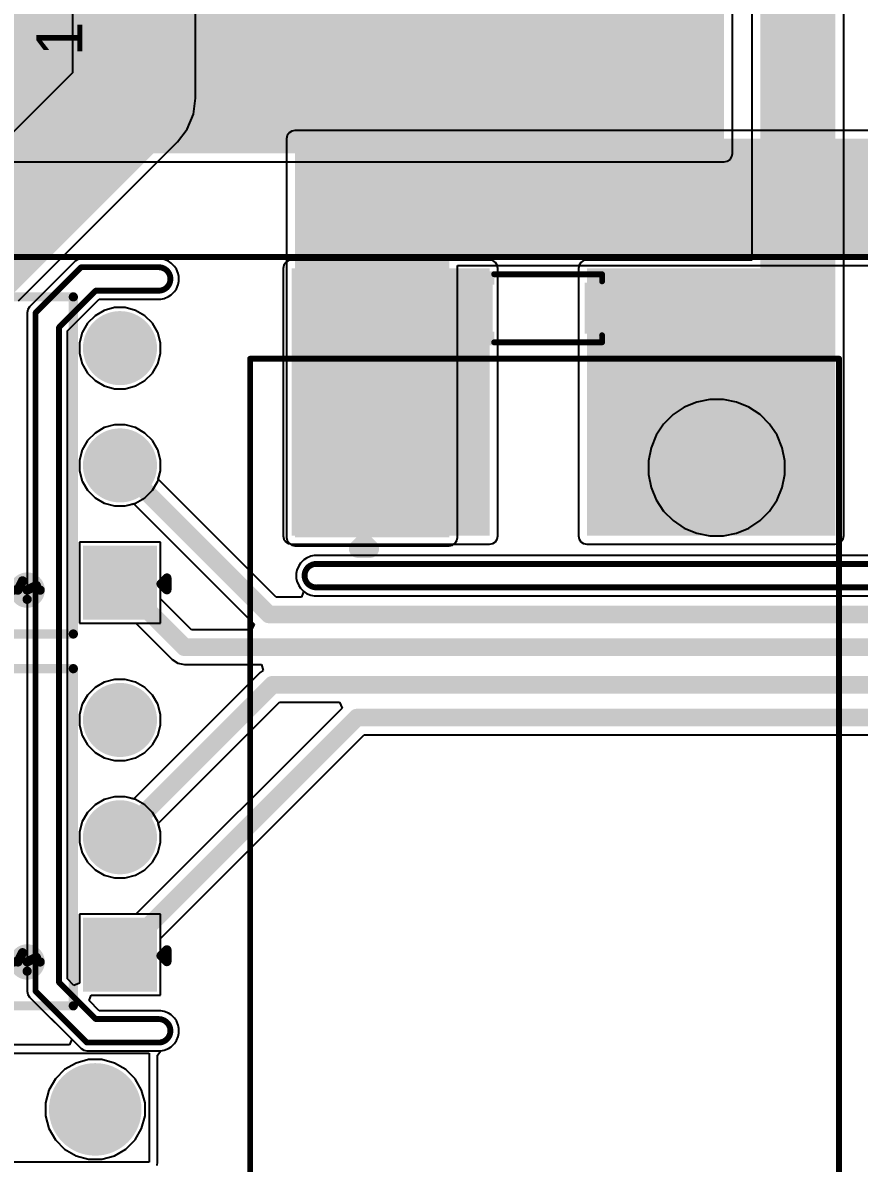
# Model space of a CAD drawing. Header units: millimetres. Extents: x -5 to 123, y 0 to 98.
# Drawn here: x 24.16 to 42.27, y 23.22 to 47.91 of the extents above; entities that cross this region are included whole.
import ezdxf

# ---------------------------------------------------------------- set-up
doc = ezdxf.new("R2010")
doc.units = ezdxf.units.MM
for name, color, linetype in [('BottomLayer', 5, 'Continuous'), ('BottomSolder', 6, 'Continuous'), ('Mechanical2', 216, 'Continuous'), ('MultiLayer', 9, 'Continuous'), ('PadHoleLayer', 156, 'Continuous'), ('TopLayer', 1, 'Continuous'), ('TopOverlay', 2, 'Continuous'), ('TopPaste', 8, 'Continuous'), ('TopSolder', 216, 'Continuous')]:
    doc.layers.add(name, color=color, linetype=linetype)

# ---------------------------------------------------------------- blocks, each defined once
blk = doc.blocks.new('G2RL_1A_E2_CV_HA_DC12_1')
at = {"layer": 'BottomLayer'}
h = blk.add_hatch(color=5, dxfattribs=at)
edge = h.paths.add_edge_path()
edge.add_arc((-12.5, 3.75), 1.3, 0, 360)
h = blk.add_hatch(color=5, dxfattribs=at)
edge = h.paths.add_edge_path()
edge.add_arc((-12.5, -3.75), 1.3, 0, 360)
at = {"layer": 'BottomSolder'}
h = blk.add_hatch(color=6, dxfattribs=at)
edge = h.paths.add_edge_path()
edge.add_arc((-12.5, 3.75), 1.402, 0, 360)
h = blk.add_hatch(color=6, dxfattribs=at)
edge = h.paths.add_edge_path()
edge.add_arc((-12.5, -3.75), 1.402, 0, 360)
at = {"layer": 'MultiLayer'}
h = blk.add_hatch(color=9, dxfattribs=at)
edge = h.paths.add_edge_path()
edge.add_arc((-12.5, 3.75), 1.3, 0, 360)
h = blk.add_hatch(color=9, dxfattribs=at)
edge = h.paths.add_edge_path()
edge.add_arc((-12.5, -3.75), 1.3, 0, 360)
at = {"layer": 'PadHoleLayer'}
h = blk.add_hatch(color=156, dxfattribs=at)
edge = h.paths.add_edge_path()
edge.add_arc((-12.5, 3.75), 0.65, 0, 360)
h = blk.add_hatch(color=156, dxfattribs=at)
edge = h.paths.add_edge_path()
edge.add_arc((-12.5, -3.75), 0.65, 0, 360)
at = {"layer": 'TopLayer'}
h = blk.add_hatch(color=1, dxfattribs=at)
edge = h.paths.add_edge_path()
edge.add_arc((-12.5, 3.75), 1.3, 0, 360)
h = blk.add_hatch(color=1, dxfattribs=at)
edge = h.paths.add_edge_path()
edge.add_arc((-12.5, -3.75), 1.3, 0, 360)
at = {"layer": 'TopSolder'}
h = blk.add_hatch(color=216, dxfattribs=at)
edge = h.paths.add_edge_path()
edge.add_arc((-12.5, 3.75), 1.402, 0, 360)
h = blk.add_hatch(color=216, dxfattribs=at)
edge = h.paths.add_edge_path()
edge.add_arc((-12.5, -3.75), 1.402, 0, 360)
at = {"layer": 'TopOverlay'}
for points, const_width in [([(-14.891, 6.401, 1), (-14.827, 6.401, 1)], 0.0635), ([(-14.891, 6.401, 1), (-14.827, 6.401, 1)], 0.0635), ([(-10.971, -3.886, 1), (-10.771, -3.886, 1)], 0.2), ([(-10.971, -3.886, 1), (-10.771, -3.886, 1)], 0.2), ([(-10.844, -3.759, 1), (-10.644, -3.759, 1)], 0.2), ([(-10.844, -3.759, 1), (-10.644, -3.759, 1)], 0.2), ([(-10.844, -4.013, 1), (-10.644, -4.013, 1)], 0.2), ([(-10.844, -4.013, 1), (-10.644, -4.013, 1)], 0.2), ([(-14.891, -6.35, 1), (-14.827, -6.35, 1)], 0.0635), ([(-14.891, -6.35, 1), (-14.827, -6.35, 1)], 0.0635)]:
    blk.add_lwpolyline(points, format="xyb", close=True, dxfattribs=dict(at, const_width=const_width))
for points, const_width in [([(14.199, 6.401), (-14.859, 6.401)], 0.127), ([(-14.859, -6.35), (-14.859, 6.401)], 0.127), ([(-10.871, -3.886), (-10.744, -3.759)], 0.4), ([(-10.744, -4.013), (-10.871, -3.886)], 0.4), ([(-10.744, -4.013), (-10.744, -3.759)], 0.4), ([(14.199, -6.35), (-14.859, -6.35)], 0.127)]:
    blk.add_lwpolyline(points, dxfattribs=dict(at, const_width=const_width))
blk = doc.blocks.new('6_P___D___12')
at = {"layer": 'BottomLayer'}
blk.add_hatch(color=5, dxfattribs=at).paths.add_polyline_path([(-4.51, 3.24), (-3.11, 3.24), (-3.11, 1.84), (-4.51, 1.84)])
h = blk.add_hatch(color=5, dxfattribs=at)
edge = h.paths.add_edge_path()
edge.add_arc((3.81, 2.54), 0.7, 0, 360)
h = blk.add_hatch(color=5, dxfattribs=at)
edge = h.paths.add_edge_path()
edge.add_arc((-3.81, 0), 0.7, 0, 360)
h = blk.add_hatch(color=5, dxfattribs=at)
edge = h.paths.add_edge_path()
edge.add_arc((3.81, 0), 0.7, 0, 360)
h = blk.add_hatch(color=5, dxfattribs=at)
edge = h.paths.add_edge_path()
edge.add_arc((-3.81, -2.54), 0.7, 0, 360)
h = blk.add_hatch(color=5, dxfattribs=at)
edge = h.paths.add_edge_path()
edge.add_arc((3.81, -2.54), 0.7, 0, 360)
at = {"layer": 'BottomSolder'}
blk.add_hatch(color=6, dxfattribs=at).paths.add_polyline_path([(-4.612, 3.342), (-3.008, 3.342), (-3.008, 1.738), (-4.612, 1.738)])
h = blk.add_hatch(color=6, dxfattribs=at)
edge = h.paths.add_edge_path()
edge.add_arc((3.81, 2.54), 0.802, 0, 360)
h = blk.add_hatch(color=6, dxfattribs=at)
edge = h.paths.add_edge_path()
edge.add_arc((-3.81, 0), 0.802, 0, 360)
h = blk.add_hatch(color=6, dxfattribs=at)
edge = h.paths.add_edge_path()
edge.add_arc((3.81, 0), 0.802, 0, 360)
h = blk.add_hatch(color=6, dxfattribs=at)
edge = h.paths.add_edge_path()
edge.add_arc((-3.81, -2.54), 0.802, 0, 360)
h = blk.add_hatch(color=6, dxfattribs=at)
edge = h.paths.add_edge_path()
edge.add_arc((3.81, -2.54), 0.802, 0, 360)
at = {"layer": 'MultiLayer'}
blk.add_hatch(color=9, dxfattribs=at).paths.add_polyline_path([(-4.51, 3.24), (-3.11, 3.24), (-3.11, 1.84), (-4.51, 1.84)])
h = blk.add_hatch(color=9, dxfattribs=at)
edge = h.paths.add_edge_path()
edge.add_arc((3.81, 2.54), 0.7, 0, 360)
h = blk.add_hatch(color=9, dxfattribs=at)
edge = h.paths.add_edge_path()
edge.add_arc((-3.81, 0), 0.7, 0, 360)
h = blk.add_hatch(color=9, dxfattribs=at)
edge = h.paths.add_edge_path()
edge.add_arc((3.81, 0), 0.7, 0, 360)
h = blk.add_hatch(color=9, dxfattribs=at)
edge = h.paths.add_edge_path()
edge.add_arc((-3.81, -2.54), 0.7, 0, 360)
h = blk.add_hatch(color=9, dxfattribs=at)
edge = h.paths.add_edge_path()
edge.add_arc((3.81, -2.54), 0.7, 0, 360)
at = {"layer": 'PadHoleLayer'}
h = blk.add_hatch(color=156, dxfattribs=at)
edge = h.paths.add_edge_path()
edge.add_arc((-3.81, 2.54), 0.45, 0, 360)
h = blk.add_hatch(color=156, dxfattribs=at)
edge = h.paths.add_edge_path()
edge.add_arc((3.81, 2.54), 0.45, 0, 360)
h = blk.add_hatch(color=156, dxfattribs=at)
edge = h.paths.add_edge_path()
edge.add_arc((-3.81, 0), 0.45, 0, 360)
h = blk.add_hatch(color=156, dxfattribs=at)
edge = h.paths.add_edge_path()
edge.add_arc((3.81, 0), 0.45, 0, 360)
h = blk.add_hatch(color=156, dxfattribs=at)
edge = h.paths.add_edge_path()
edge.add_arc((-3.81, -2.54), 0.45, 0, 360)
h = blk.add_hatch(color=156, dxfattribs=at)
edge = h.paths.add_edge_path()
edge.add_arc((3.81, -2.54), 0.45, 0, 360)
at = {"layer": 'TopLayer'}
blk.add_hatch(color=1, dxfattribs=at).paths.add_polyline_path([(-4.51, 3.24), (-3.11, 3.24), (-3.11, 1.84), (-4.51, 1.84)])
h = blk.add_hatch(color=1, dxfattribs=at)
edge = h.paths.add_edge_path()
edge.add_arc((3.81, 2.54), 0.7, 0, 360)
h = blk.add_hatch(color=1, dxfattribs=at)
edge = h.paths.add_edge_path()
edge.add_arc((-3.81, 0), 0.7, 0, 360)
h = blk.add_hatch(color=1, dxfattribs=at)
edge = h.paths.add_edge_path()
edge.add_arc((3.81, 0), 0.7, 0, 360)
h = blk.add_hatch(color=1, dxfattribs=at)
edge = h.paths.add_edge_path()
edge.add_arc((-3.81, -2.54), 0.7, 0, 360)
h = blk.add_hatch(color=1, dxfattribs=at)
edge = h.paths.add_edge_path()
edge.add_arc((3.81, -2.54), 0.7, 0, 360)
at = {"layer": 'TopSolder'}
blk.add_hatch(color=216, dxfattribs=at).paths.add_polyline_path([(-4.612, 3.342), (-3.008, 3.342), (-3.008, 1.738), (-4.612, 1.738)])
h = blk.add_hatch(color=216, dxfattribs=at)
edge = h.paths.add_edge_path()
edge.add_arc((3.81, 2.54), 0.802, 0, 360)
h = blk.add_hatch(color=216, dxfattribs=at)
edge = h.paths.add_edge_path()
edge.add_arc((-3.81, 0), 0.802, 0, 360)
h = blk.add_hatch(color=216, dxfattribs=at)
edge = h.paths.add_edge_path()
edge.add_arc((3.81, 0), 0.802, 0, 360)
h = blk.add_hatch(color=216, dxfattribs=at)
edge = h.paths.add_edge_path()
edge.add_arc((-3.81, -2.54), 0.802, 0, 360)
h = blk.add_hatch(color=216, dxfattribs=at)
edge = h.paths.add_edge_path()
edge.add_arc((3.81, -2.54), 0.802, 0, 360)
at = {"layer": 'TopOverlay', "const_width": 0.2}
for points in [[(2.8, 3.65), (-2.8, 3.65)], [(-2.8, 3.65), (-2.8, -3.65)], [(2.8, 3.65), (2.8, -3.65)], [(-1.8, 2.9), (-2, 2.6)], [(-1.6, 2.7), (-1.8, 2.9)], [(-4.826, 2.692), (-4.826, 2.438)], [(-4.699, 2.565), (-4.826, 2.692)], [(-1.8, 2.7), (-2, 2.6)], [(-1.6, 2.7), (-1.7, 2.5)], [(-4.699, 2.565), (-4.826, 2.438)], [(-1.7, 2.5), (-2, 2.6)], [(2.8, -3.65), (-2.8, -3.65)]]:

□ □ □ □

Aim of the exercise: Select the lines from the entries that include the word "dict".

Your solution:
    blk.add_lwpolyline(points, format="xyb", close=True, dxfattribs=dict(at, const_width=const_width))
    blk.add_lwpolyline(points, dxfattribs=dict(at, const_width=const_width))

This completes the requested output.